The underwater scenes in Fabulous World
also seem to be the spiritual ancestor of Henry Selick’s animated sequences in The Life Aquatic with Steve Zissou (2004). The integration of
live action actors with an artificial environment serve as a template for many
of the genre films that followed decades later, especially Steven Lisberger’s Tron (1982) and the CGI-rendered
landscapes in Kerry Conran’s Sky Captain
and the World of Tomorrow (2004).
Zeman and his team deserve a rightful place alongside his
western counterparts for changing the face of effects in films. The Fabulous World of Jules Verne is a
fitting counterpoint to Disney’s 20,000
Leagues Under the Sea, which sits on the opposite pole of the aesthetic spectrum.
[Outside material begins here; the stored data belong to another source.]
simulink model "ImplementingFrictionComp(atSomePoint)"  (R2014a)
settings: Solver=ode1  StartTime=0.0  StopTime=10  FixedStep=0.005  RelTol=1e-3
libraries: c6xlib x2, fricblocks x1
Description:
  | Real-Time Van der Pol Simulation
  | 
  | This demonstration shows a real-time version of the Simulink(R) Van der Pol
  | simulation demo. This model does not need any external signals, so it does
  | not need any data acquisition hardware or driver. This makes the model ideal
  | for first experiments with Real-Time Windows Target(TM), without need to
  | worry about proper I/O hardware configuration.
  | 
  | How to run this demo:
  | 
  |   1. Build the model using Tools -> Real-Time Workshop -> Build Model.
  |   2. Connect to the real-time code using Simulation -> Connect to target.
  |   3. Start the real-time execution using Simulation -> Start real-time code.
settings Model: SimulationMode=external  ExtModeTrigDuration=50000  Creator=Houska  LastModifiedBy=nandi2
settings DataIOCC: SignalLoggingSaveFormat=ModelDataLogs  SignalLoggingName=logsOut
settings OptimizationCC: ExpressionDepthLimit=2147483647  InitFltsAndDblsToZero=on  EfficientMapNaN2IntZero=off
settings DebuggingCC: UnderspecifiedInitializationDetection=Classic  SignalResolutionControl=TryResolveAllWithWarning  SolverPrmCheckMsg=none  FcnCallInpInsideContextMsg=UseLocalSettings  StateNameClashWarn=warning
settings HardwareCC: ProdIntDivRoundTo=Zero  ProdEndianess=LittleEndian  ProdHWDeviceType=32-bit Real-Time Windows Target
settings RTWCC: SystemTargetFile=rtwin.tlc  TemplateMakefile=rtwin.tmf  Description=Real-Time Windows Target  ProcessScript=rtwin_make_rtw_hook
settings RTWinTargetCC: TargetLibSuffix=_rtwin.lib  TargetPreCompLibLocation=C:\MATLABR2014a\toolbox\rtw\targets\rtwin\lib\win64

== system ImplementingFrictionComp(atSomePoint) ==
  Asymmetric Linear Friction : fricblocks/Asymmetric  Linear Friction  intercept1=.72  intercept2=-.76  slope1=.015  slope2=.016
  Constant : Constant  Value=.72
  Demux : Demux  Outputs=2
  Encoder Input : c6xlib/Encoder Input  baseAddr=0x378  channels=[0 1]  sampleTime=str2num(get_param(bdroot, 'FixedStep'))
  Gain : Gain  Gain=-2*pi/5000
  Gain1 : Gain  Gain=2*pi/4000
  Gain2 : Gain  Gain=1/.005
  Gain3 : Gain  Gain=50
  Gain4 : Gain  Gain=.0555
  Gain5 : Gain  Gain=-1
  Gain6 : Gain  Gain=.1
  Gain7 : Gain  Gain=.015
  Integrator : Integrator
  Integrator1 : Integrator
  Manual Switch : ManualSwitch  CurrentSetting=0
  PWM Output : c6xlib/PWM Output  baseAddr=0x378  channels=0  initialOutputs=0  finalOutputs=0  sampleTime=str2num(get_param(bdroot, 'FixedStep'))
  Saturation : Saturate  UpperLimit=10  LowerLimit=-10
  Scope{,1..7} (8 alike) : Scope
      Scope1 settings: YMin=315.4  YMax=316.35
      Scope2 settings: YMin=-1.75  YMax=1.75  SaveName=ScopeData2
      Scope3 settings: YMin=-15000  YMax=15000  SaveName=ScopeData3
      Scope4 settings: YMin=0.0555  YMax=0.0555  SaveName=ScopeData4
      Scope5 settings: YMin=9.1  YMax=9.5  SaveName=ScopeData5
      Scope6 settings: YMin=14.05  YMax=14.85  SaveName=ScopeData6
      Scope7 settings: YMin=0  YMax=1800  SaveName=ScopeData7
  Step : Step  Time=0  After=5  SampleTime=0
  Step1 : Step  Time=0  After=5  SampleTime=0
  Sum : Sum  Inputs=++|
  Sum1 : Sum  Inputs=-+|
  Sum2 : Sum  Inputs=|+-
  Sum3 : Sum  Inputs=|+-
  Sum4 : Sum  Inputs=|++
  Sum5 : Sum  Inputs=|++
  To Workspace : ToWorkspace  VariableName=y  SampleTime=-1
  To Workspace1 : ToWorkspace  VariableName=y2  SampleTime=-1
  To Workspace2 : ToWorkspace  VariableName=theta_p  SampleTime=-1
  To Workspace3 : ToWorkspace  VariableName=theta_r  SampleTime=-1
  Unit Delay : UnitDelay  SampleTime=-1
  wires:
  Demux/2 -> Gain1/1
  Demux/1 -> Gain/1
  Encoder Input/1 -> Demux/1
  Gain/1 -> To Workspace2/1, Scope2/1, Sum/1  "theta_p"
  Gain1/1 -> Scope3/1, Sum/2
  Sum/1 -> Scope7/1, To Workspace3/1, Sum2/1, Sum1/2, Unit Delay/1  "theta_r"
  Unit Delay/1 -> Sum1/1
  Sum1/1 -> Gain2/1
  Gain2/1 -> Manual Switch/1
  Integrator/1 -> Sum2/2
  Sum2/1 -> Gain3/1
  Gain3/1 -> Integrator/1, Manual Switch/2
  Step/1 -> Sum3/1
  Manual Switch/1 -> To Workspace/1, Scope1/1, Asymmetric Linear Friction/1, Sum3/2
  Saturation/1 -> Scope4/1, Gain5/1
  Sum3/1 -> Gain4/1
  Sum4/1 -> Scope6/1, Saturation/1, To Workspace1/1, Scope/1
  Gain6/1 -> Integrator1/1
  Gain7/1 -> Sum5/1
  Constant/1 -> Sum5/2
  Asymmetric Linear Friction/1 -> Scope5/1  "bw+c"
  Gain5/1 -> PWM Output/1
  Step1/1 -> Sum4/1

If the Disney film was the ideal realization of the Jules Verne universe made
real, then The Fabulous World of Jules
Verne is the perfect visualization of the abstract. While American films
attempt to push special effects to the limit, simulating reality as much as
possible, Zeman achieved the converse. The limitations of the effects in
Zeman’s film are not a liability, but an asset, exploiting the surreal
potential of cinema, making everything as unreal as possible.
Sold! I will definitely have to catch this one -- it sounds fascinating! And who doesn't love Jules Verne, honestly?
ReplyDeleteIt's short on story, but it more than makes up for it with an abundance of whimsy. Highly recommended!